# New To Me Supermax



## dlane (Jun 3, 2015)

This is the supermax , is there a preferred vfd to run it ? Also need to get some r8 collets
	

		
			
		

		
	



	

		
			
		

		
	
 Finally got this to its new home it has a dro, "one shot oiler may need help" it is 2 hp ran real quiet , has good flaking on ways, it is  sitting on 1-1/2" x 37x37" steal plate ,once leveled I will weld angle around base.
Came with a good Japanese vice. I am now shopping for vfd and r8 collet set. The head is still inverted from transport, the floor stain was already there. 
	

		
			
		

		
	



	

		
			
		

		
	
sorry bout pics this thing always gives me probs I think it's apple


----------



## JimDawson (Jun 3, 2015)

A few VFD brands: Teco, Hitachi, Automation Direct GS2, Yaskawa, ABB. There are a bunch of others, but these are the most common non-Chinese brands.

My personal preference is the Automation Direct GS2 units, but they are all good.  

For r-8 collets, Enco, Ebay, Grizzly, Shars and many many others.  R-8 is probably the most common collets and tool holders out there.


----------



## hvontres (Jun 3, 2015)

I have put in two Hitachi VFD's. The drives are nice but the manual could use some help. But once you get them wired up they work really well and have some pretty cool features.

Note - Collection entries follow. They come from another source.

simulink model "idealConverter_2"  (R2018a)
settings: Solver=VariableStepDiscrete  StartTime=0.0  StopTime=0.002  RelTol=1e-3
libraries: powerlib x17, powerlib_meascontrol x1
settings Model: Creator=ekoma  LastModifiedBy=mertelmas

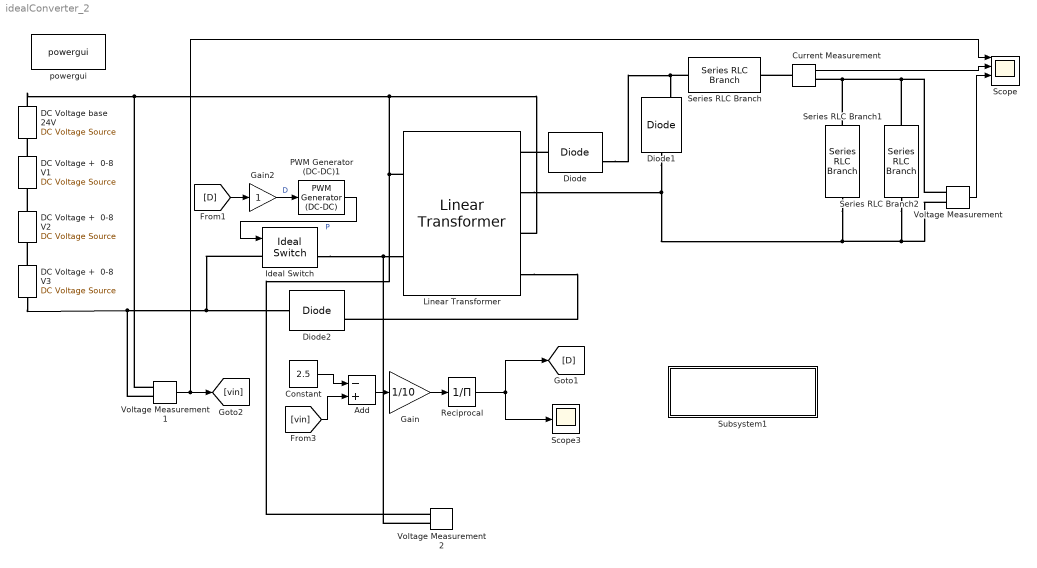
== system idealConverter_2 ==
  Add : Sum  Inputs=-+
  Constant : Constant  Value=2.5
  Current Measurement : powerlib/Measurements/Current Measurement  PhasorSimulation=off  OutputType=Complex  PSBequivalent=0
  DC Voltage +  0-8 V1 : powerlib/Electrical Sources/DC Voltage Source  Amplitude=8  Measurements=None
  DC Voltage +  0-8 V2 : powerlib/Electrical Sources/DC Voltage Source  Amplitude=8  Measurements=None
  DC Voltage +  0-8 V3 : powerlib/Electrical Sources/DC Voltage Source  Amplitude=8  Measurements=None
  DC Voltage base 24V : powerlib/Electrical Sources/DC Voltage Source  Amplitude=24  Measurements=None
  Diode : powerlib/Power Electronics/Diode  Ron=0.001  Lon=0  Vf=0.8  IC=0  UseSnubber=0  Rs=500  Cs=250e-9  Measurements=on
  Diode1 : powerlib/Power Electronics/Diode  Ron=0.001  Lon=0  Vf=0.8  IC=0  UseSnubber=0  Rs=500  Cs=250e-9  Measurements=on
  Diode2 : powerlib/Power Electronics/Diode  Ron=0.001  Lon=0  Vf=0.8  IC=0  UseSnubber=0  Rs=500  Cs=250e-9  Measurements=on
  Gain : Gain  Gain=1/10
  Gain2 : Gain
  Ideal Switch : powerlib/Power Electronics/Ideal Switch  Ron=0.001  Lon=0  IC=0  Rs=1e5  Cs=inf  Measurements=on
  Linear Transformer : powerlib/Elements/Linear Transformer  UNITS=SI  NominalPower=[ 40 64000 ]  winding1=[50 0.000001 0.0000001]  winding2=[50 0.0000001 0.000001]  ThreeWindings=on  winding3=[50 0.00000001 0.00001]  RmLm=[1.0805e+06 2866]  Measurements=None  DataType=on
  PWM Generator (DC-DC)1 : powerlib_meascontrol/Pulse & Signal Generators/PWM Generator (DC-DC)  Fsw=32000  Ts=0
  Reciprocal : Product  Inputs=/
  Scope : Scope  NumInputPorts=4
  Scope3 : Scope
  Series RLC Branch : powerlib/Elements/Series RLC Branch  LConnTagsString=__new0  RConnTagsString=__new0  BranchType=L  Resistance=1  Inductance=220e-6  SetiL0=off  InitialCurrent=0  Capacitance=1e-6  Setx0=off  InitialVoltage=0  Measurements=None
  Series RLC Branch1 : powerlib/Elements/Series RLC Branch  LConnTagsString=__new0  RConnTagsString=__new0  BranchType=C  Resistance=1  Inductance=1e-3  SetiL0=off  InitialCurrent=0  Capacitance=47e-6  Setx0=off  InitialVoltage=0  Measurements=None
  Series RLC Branch2 : powerlib/Elements/Series RLC Branch  LConnTagsString=__new0  RConnTagsString=__new0  BranchType=R  Resistance=2.5  Inductance=1e-3  SetiL0=off  InitialCurrent=0  Capacitance=1e-6  Setx0=off  InitialVoltage=0  Measurements=None
  Subsystem1 : Subsystem
      settings: OpenFcn=open_system('power_new_palette')
      mask Display: disp(sprintf('Open Simscape Power Systems\n(Specialized Technology)\nPalette Library'));
  Voltage Measurement : powerlib/Measurements/Voltage Measurement  PhasorSimulation=off  OutputType=Complex  PSBequivalent=0
  Voltage Measurement1 : powerlib/Measurements/Voltage Measurement  PhasorSimulation=off  OutputType=Complex  PSBequivalent=0
  Voltage Measurement2 : powerlib/Measurements/Voltage Measurement  PhasorSimulation=off  OutputType=Complex  PSBequivalent=0
  powergui : powerlib/powergui  Priority=1  SimulationMode=Discrete  SampleTime=1e-7  frequency=60  Iterations=50  frequencyindice=0  Pbase=100e6  ErrMax=1e-4  UnitsV=kV  UnitsW=MW  buscounter=0  FunctionMessages=off  echomessages=off  EnableUseOfTLC=off  CurrentSourceSwitches=off  DisableSnubberDevices=off  DisableRonSwitches=off  DisableVfSwitches=off  DisplayEquations=off  SolverType=Tustin/Backward Euler (TBE)  Interpol=off  ExternalGateDelay=off  methode=off  Ts=100  x0status=blocks  SPID=on  SwTol=0  HookPort=off  RestoreLinks=warning  ResistiveCurrentMeasurement=off  Frange=[0:2:500]  Ylog=off  Xlog=on  ShowGrid=off  save=off  variable=ZData  structure=0  ZoomFFT=off  StartTime=0.0  cycles=1  DisplayStyle=1  fundamental=60  FreqAxis=off  MaxFrequency=1000  frequencyindicesteady=1  RmsSteady=1  display=off
  wires:
  Current Measurement/1 -> Scope/2
  Voltage Measurement/1 -> Scope/3
  Reciprocal/1 -> [D], Scope3/1
  Gain2/1 -> PWM Generator (DC-DC)1/1  "D"
  Gain/1 -> Reciprocal/1
  [D] -> Gain2/1
  Voltage Measurement1/1 -> [vin], Scope/1
  PWM Generator (DC-DC)1/1 -> Ideal Switch/1  "P"
  [vin] -> Add/2
  Constant/1 -> Add/1
  Add/1 -> Gain/1
  connections:
  Diode/LConn1 -- Linear Transformer/RConn1
  Diode/RConn1 -- Series RLC Branch/LConn1 -- Diode1/RConn1
  Current Measurement/LConn1 -- Series RLC Branch/RConn1
  Series RLC Branch2/LConn1 -- Voltage Measurement/LConn1 -- Series RLC Branch1/LConn1 -- Current Measurement/RConn1
  Linear Transformer/LConn1 -- Voltage Measurement1/LConn1 -- DC Voltage base 24V/RConn1 -- Linear Transformer/RConn3 -- Voltage Measurement2/LConn1
  Series RLC Branch2/RConn1 -- Voltage Measurement/LConn2 -- Linear Transformer/RConn2 -- Diode1/LConn1 -- Series RLC Branch1/RConn1
  Linear Transformer/RConn4 -- Diode2/RConn1
  Ideal Switch/RConn1 -- Voltage Measurement2/LConn2 -- Linear Transformer/LConn2
  Ideal Switch/LConn1 -- Voltage Measurement1/LConn2 -- DC Voltage +  0-8 V3/LConn1 -- Diode2/LConn1
  DC Voltage +  0-8 V1/RConn1 -- DC Voltage base 24V/LConn1
  DC Voltage +  0-8 V2/RConn1 -- DC Voltage +  0-8 V1/LConn1
  DC Voltage +  0-8 V3/RConn1 -- DC Voltage +  0-8 V2/LConn1

== system idealConverter_2/Subsystem1 ==
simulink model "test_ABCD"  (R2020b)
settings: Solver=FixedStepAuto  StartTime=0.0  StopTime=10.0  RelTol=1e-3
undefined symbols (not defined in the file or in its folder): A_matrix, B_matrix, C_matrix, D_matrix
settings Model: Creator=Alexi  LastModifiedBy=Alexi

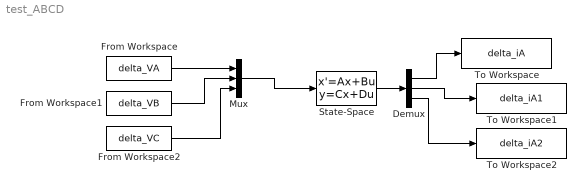
== system test_ABCD ==
  Demux : Demux  Outputs=3
  From Workspace : FromWorkspace  VariableName=delta_VA
  From Workspace1 : FromWorkspace  VariableName=delta_VB
  From Workspace2 : FromWorkspace  VariableName=delta_VC
  Mux : Mux  Inputs=3
  State-Space : StateSpace  A=A_matrix  B=B_matrix  C=C_matrix  D=D_matrix  InitialCondition=0  ContinuousStateAttributes={'delta_iA', 'delta_iB', 'delta_iC'}
  To Workspace : ToWorkspace  VariableName=delta_iA  SaveFormat=Timeseries  SampleTime=-1
  To Workspace1 : ToWorkspace  VariableName=delta_iA1  SaveFormat=Timeseries  SampleTime=-1
  To Workspace2 : ToWorkspace  VariableName=delta_iA2  SaveFormat=Timeseries  SampleTime=-1
  wires:
  From Workspace/1 -> Mux/1
  From Workspace1/1 -> Mux/2
  From Workspace2/1 -> Mux/3
  Mux/1 -> State-Space/1
  State-Space/1 -> Demux/1
  Demux/1 -> To Workspace/1
  Demux/2 -> To Workspace1/1
  Demux/3 -> To Workspace2/1

BTW, it looks like you should have looked for a bigger mill to cover up that stain on the floor


----------



## dlane (Jun 3, 2015)

Wolf automation suggested ac tec nema 1 for a drive , with remote key pad would be $430. Free shipping.


----------



## JimDawson (Jun 3, 2015)

That price seems a bit high.  

GS2 2HP drive  $251.00
http://www.automationdirect.com/adc...ts_(115_-z-_230_-z-_460_-z-_575_VAC)/GS2-22P0

Remote Cable  $37.50
http://www.automationdirect.com/adc...on_-a-_Communications_-a-_Software/GS-CBL2-3L

Remote Mount  $13.00
http://www.automationdirect.com/adc...ation_-a-_Communications_-a-_Software/GS3-BZL

Includes free 2-day shipping

I see no need to remote mount, here is how I did mine.  I just put it in place of the original switch.  Been there for about 4 years with no problems.


----------



## kd4gij (Jun 3, 2015)

Pst. The head is on upside down.


----------



## dlane (Jun 3, 2015)

ordered teco 7300cv seems to have everything I'll need I hope $240. Hopping to mount on side of head as Jim did , 
Thanks 
Derrick


----------



## JimDawson (Jun 3, 2015)

kd4gij said:


> Pst. The head is on upside down.



That makes it easier to get to the drawbar


----------



## Silverbullet (Jun 3, 2015)

Nice mill good luck and make lots of chips with her , they like to run and often. Like any pet yupp.


----------



## dlane (Jun 4, 2015)

So here it is after some cleaning and look heads up now I'll have a drawbar problem  . Waiting on teco for power and some r8 collets


----------



## kd4gij (Jun 4, 2015)

Ah ! It looks much better now. Man I would hate waiting for somthing to make chips.


----------



## dlane (Jun 11, 2015)

Hi all , tech is getting a home , I'll finish it up today ,  and run power to it . Planning on Forward-reverse- stop-start switches on left side with teco on right behind plexi door and small fan w/ filter in bottom
Any one see issues with this set up ?.
Thanks


----------



## JimDawson (Jun 11, 2015)

Looks like it should work fine.  Looking forward to seeing it running.


----------



## zmotorsports (Jun 11, 2015)

Nice mill.  What issues are you having with the drawbar?  I am assuming reaching it due to the mill's height?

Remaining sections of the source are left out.